Apple’s dominance over the tablet market is slumping but one thing that the Tame Apple Press is failing to say is that they are being eclipsed by Chromebooks.
Jobs’ Mob has admitted that it only sold 13.3 million iPads, down nine percent from last year, but Apple CFO Luca Maestri insisted that in education, the iPad remains the tablet of choice with 85 percent share of the US education tablet market. She said that Apple had sold 13 million iPads to education customers globally.
But while Apple leads the academic market for tablets, not all schools are buying iPads to give to students; they’re also buying laptops, including Chromebooks. In otherwords, while Apple is leading tablet sales, that is because its main rival is not providing tablets.

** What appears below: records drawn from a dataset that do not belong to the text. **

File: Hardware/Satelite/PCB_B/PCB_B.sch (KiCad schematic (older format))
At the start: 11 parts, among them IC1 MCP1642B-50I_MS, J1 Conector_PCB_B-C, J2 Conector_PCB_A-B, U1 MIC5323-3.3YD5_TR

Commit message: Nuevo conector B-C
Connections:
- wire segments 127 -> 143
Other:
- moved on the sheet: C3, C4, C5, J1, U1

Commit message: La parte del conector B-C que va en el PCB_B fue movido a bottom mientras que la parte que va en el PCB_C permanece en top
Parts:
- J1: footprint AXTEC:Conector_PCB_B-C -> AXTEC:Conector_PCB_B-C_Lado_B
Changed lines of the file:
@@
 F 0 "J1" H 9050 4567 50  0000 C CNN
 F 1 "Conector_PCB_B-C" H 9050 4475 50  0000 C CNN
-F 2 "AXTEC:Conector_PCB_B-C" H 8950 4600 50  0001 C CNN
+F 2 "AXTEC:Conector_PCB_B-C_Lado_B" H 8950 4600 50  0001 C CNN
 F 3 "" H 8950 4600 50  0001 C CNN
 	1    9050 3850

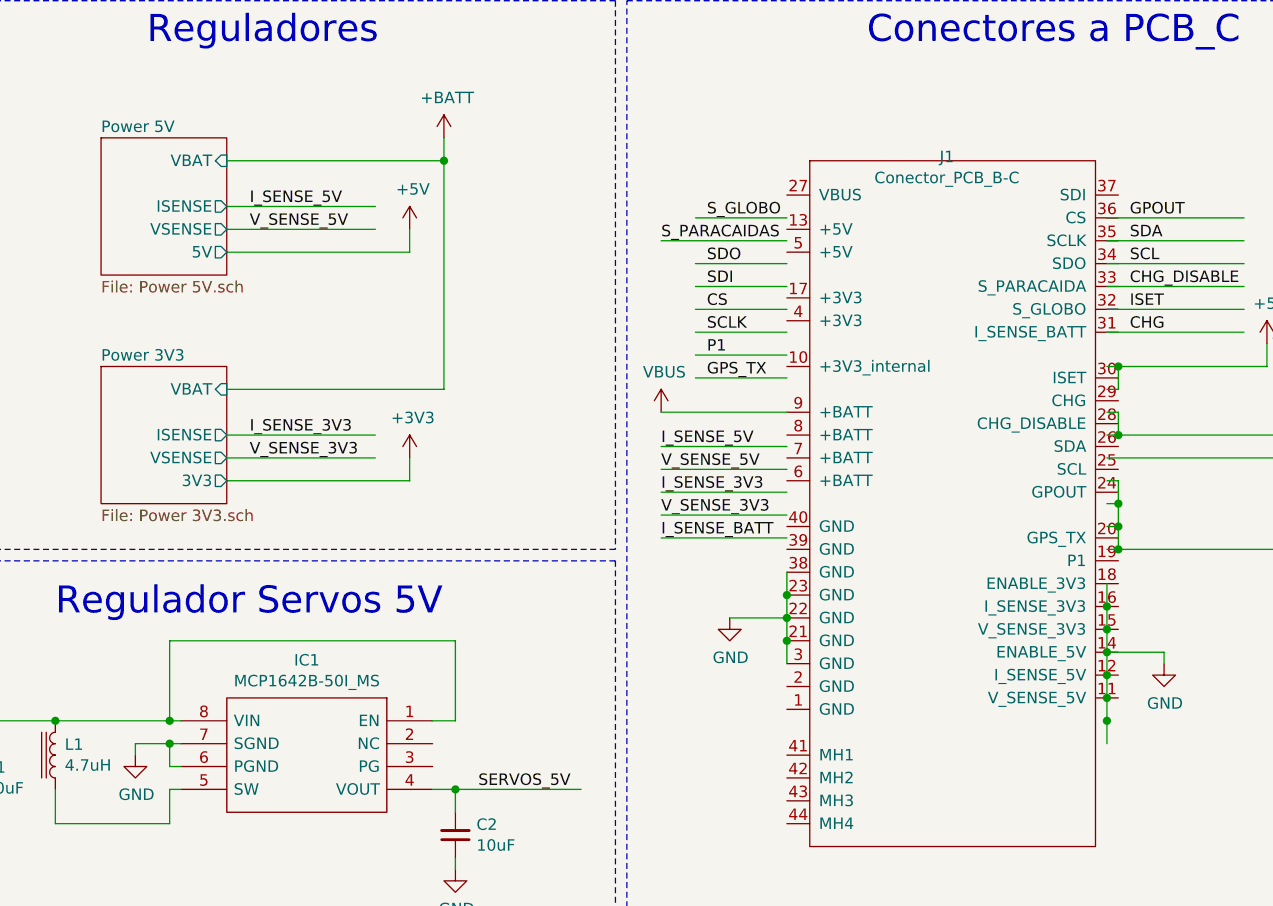
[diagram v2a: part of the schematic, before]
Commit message: Agregado enable de 3v3 y 5v en PCB B. Diseño WIP
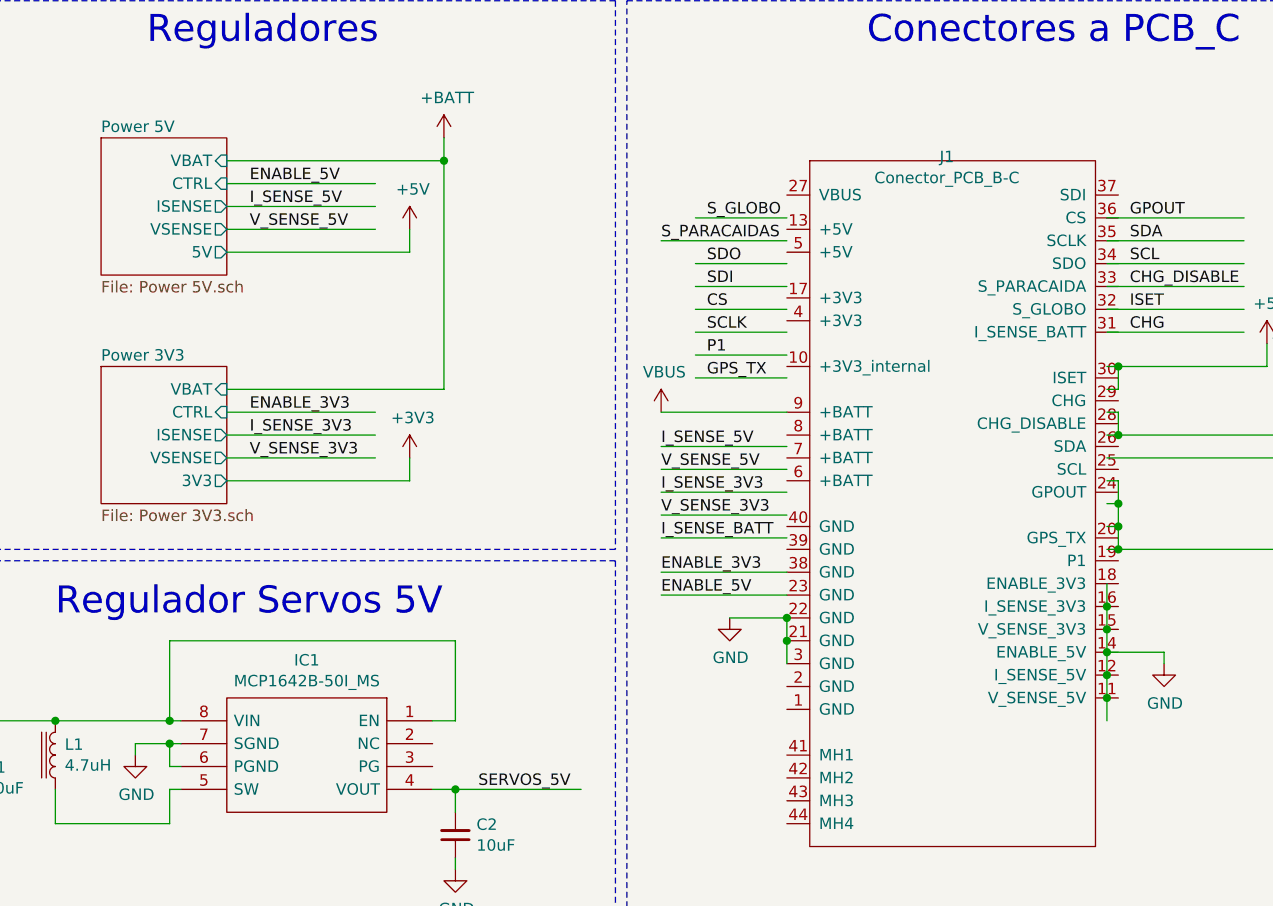
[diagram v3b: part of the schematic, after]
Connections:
- net labels added: ENABLE_3V3, ENABLE_5V
- wire segments 143 -> 144
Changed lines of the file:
@@
 F4 "VSENSE" O R 5900 4450 50
 F5 "3V3" O R 5900 4550 50
+F6 "CTRL" I R 5900 4250 50
 $EndSheet
 $Sheet
@@
 F4 "VSENSE" O R 5900 3450 50
 F5 "5V" O R 5900 3550 50
+F6 "CTRL" I R 5900 3250 50
 $EndSheet
 $Comp
@@
 Text Label 10400 1200 0    50   ~ 0
 P1
-Wire Wire Line
-	9750 5000 9750 5100
-$Comp
-L AXTEC_IC:Conector_PCB_B-C J1
-U 1 1 5BD2AA01
-P 9050 3850
-F 0 "J1" H 9050 4567 50  0000 C CNN
-F 1 "Conector_PCB_B-C" H 9050 4475 50  0000 C CNN
-F 2 "AXTEC:Conector_PCB_B-C_Lado_B" H 8950 4600 50  0001 C CNN
-F 3 "" H 8950 4600 50  0001 C CNN
-	1    9050 3850
-	1    0    0    -1
-$EndComp
 $Comp
 L power:VBUS #PWR0116
@@
 Wire Wire Line
 	9750 4150 9800 4150
-Wire Wire Line
-	9750 5700 9750 5600
-Connection ~ 9750 5100
-Connection ~ 9750 5200
-Wire Wire Line
-	9750 5200 9750 5100
 Connection ~ 9750 5300
 Wire Wire Line
-	9750 5300 9750 5200
-Connection ~ 9750 5400
-Wire Wire Line
-	9750 5400 9750 5300
-Connection ~ 9750 5500
-Wire Wire Line
-	9750 5500 9750 5400
-Connection ~ 9750 5600
-Wire Wire Line
-	9750 5600 9750 5500
-Wire Wire Line
 	10000 5350 10000 5300
 Wire Wire Line
 	10000 5300 9750 5300
 $Comp
-L power:GND #PWR?
+L power:GND #PWR0158
 U 1 1 5BD10C8F
 P 8100 5150
-F 0 "#PWR?" H 8100 4900 50  0001 C CNN
+F 0 "#PWR0158" H 8100 4900 50  0001 C CNN
 F 1 "GND" H 8104 4976 50  0000 C CNN
 F 2 "" H 8100 5150 50  0001 C CNN
@@
 	1    0    0    -1
 $EndComp
+Connection ~ 8350 5150
+Wire Wire Line
+	8350 5150 8100 5150
+Wire Wire Line
+	9750 5600 9750 5500
+Connection ~ 9750 5500
+Wire Wire Line
+	9750 5300 9750 5200
+Connection ~ 9750 5200
+Wire Wire Line
+	9750 5200 9750 5100
+Wire Wire Line
+	9750 5000 9750 5100
+Connection ~ 9750 5100
+Wire Wire Line
+	8350 5250 8350 5150
 Wire Wire Line
 	8350 5350 8350 5250
-Connection ~ 8350 5050
-Wire Wire Line
-	8350 5050 8350 4950
-Connection ~ 8350 5150
-Wire Wire Line
-	8350 5150 8350 5050
 Connection ~ 8350 5250
 Wire Wire Line
-	8350 5250 8350 5150
-Wire Wire Line
-	8350 5150 8100 5150
+	9750 5500 9750 5400
+Wire Wire Line
+	9750 5400 9750 5300
+Connection ~ 9750 5400
+$Comp
+L AXTEC_IC:Conector_PCB_B-C J1
+U 1 1 5BD2AA01
+P 9050 3850
+F 0 "J1" H 9050 4567 50  0000 C CNN
+F 1 "Conector_PCB_B-C" H 9050 4475 50  0000 C CNN
+F 2 "AXTEC:Conector_PCB_B-C_Lado_B" H 8950 4600 50  0001 C CNN
+F 3 "" H 8950 4600 50  0001 C CNN
+	1    9050 3850
+	1    0    0    -1
+$EndComp
+Wire Wire Line
+	5900 3250 6550 3250
+Wire Wire Line
+	5900 4250 6550 4250
+Text Label 6000 4250 0    50   ~ 0
+ENABLE_3V3
+Text Label 6000 3250 0    50   ~ 0
+ENABLE_5V
+Wire Wire Line
+	8350 4950 7800 4950
+Wire Wire Line
+	8350 5050 7800 5050
+Text Label 7800 4950 0    50   ~ 0
+ENABLE_3V3
+Text Label 7800 5050 0    50   ~ 0
+ENABLE_5V
 $EndSCHEMATC

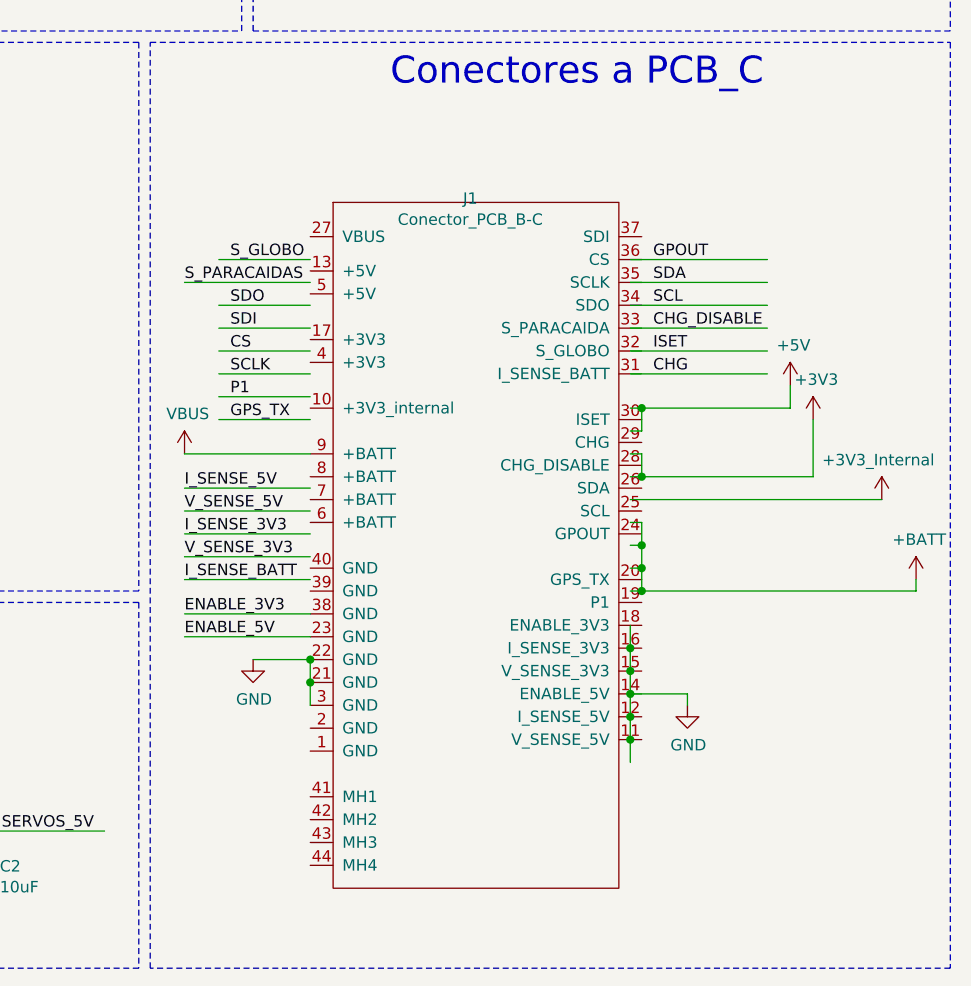
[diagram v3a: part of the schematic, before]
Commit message: Modifificaciones de pines en conector PCB_B-C
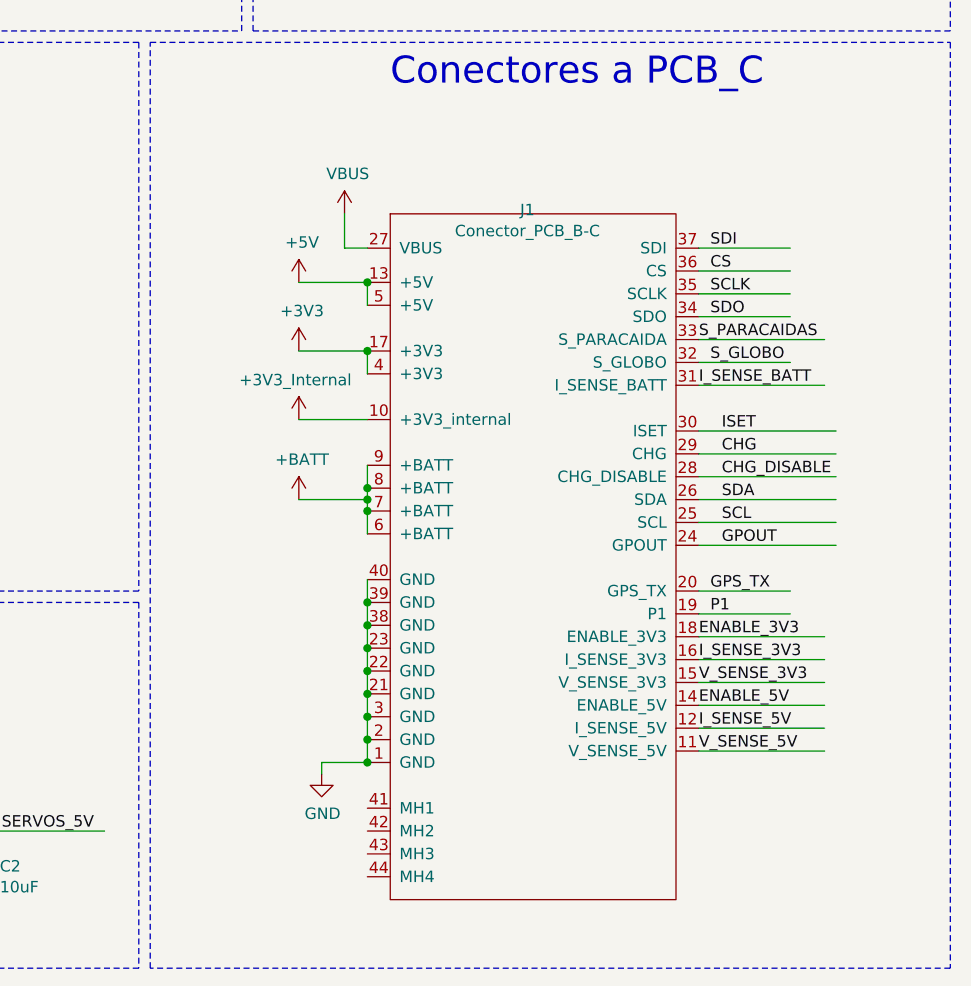
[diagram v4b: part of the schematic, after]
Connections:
- wire segments 144 -> 134
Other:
- moved on the sheet: J1

Chromebooks run ChromeOS on what would best be described a cheap laptop hardware – although there are a few premium models like the Pixel – with an Intel CPU. Google has a number of hardware partners, including Acer, which lead the pack with 30 percent of the Chromebook market.
Apparently, sales have been so good that Google only recently added tablets to the range.
Google reported a few days ago that it sold a million Chromebooks to schools last quarter (another 800,000 were sold to consumers. While that might not look nearly as impressive as Apple’s 13 million iPads, the numbers suggest that Google could be selling as many Chromebooks to schools as Apple is selling iPads.
You can work it out. If schools bought five million iPads in the 17 months, Apple averaged under a million iPads sold to schools each quarter – an average which is less than the million Chromebooks sold.
So why are Chromebooks doing so well? They are cheaper and they have keyboards so you can do a lot more with them.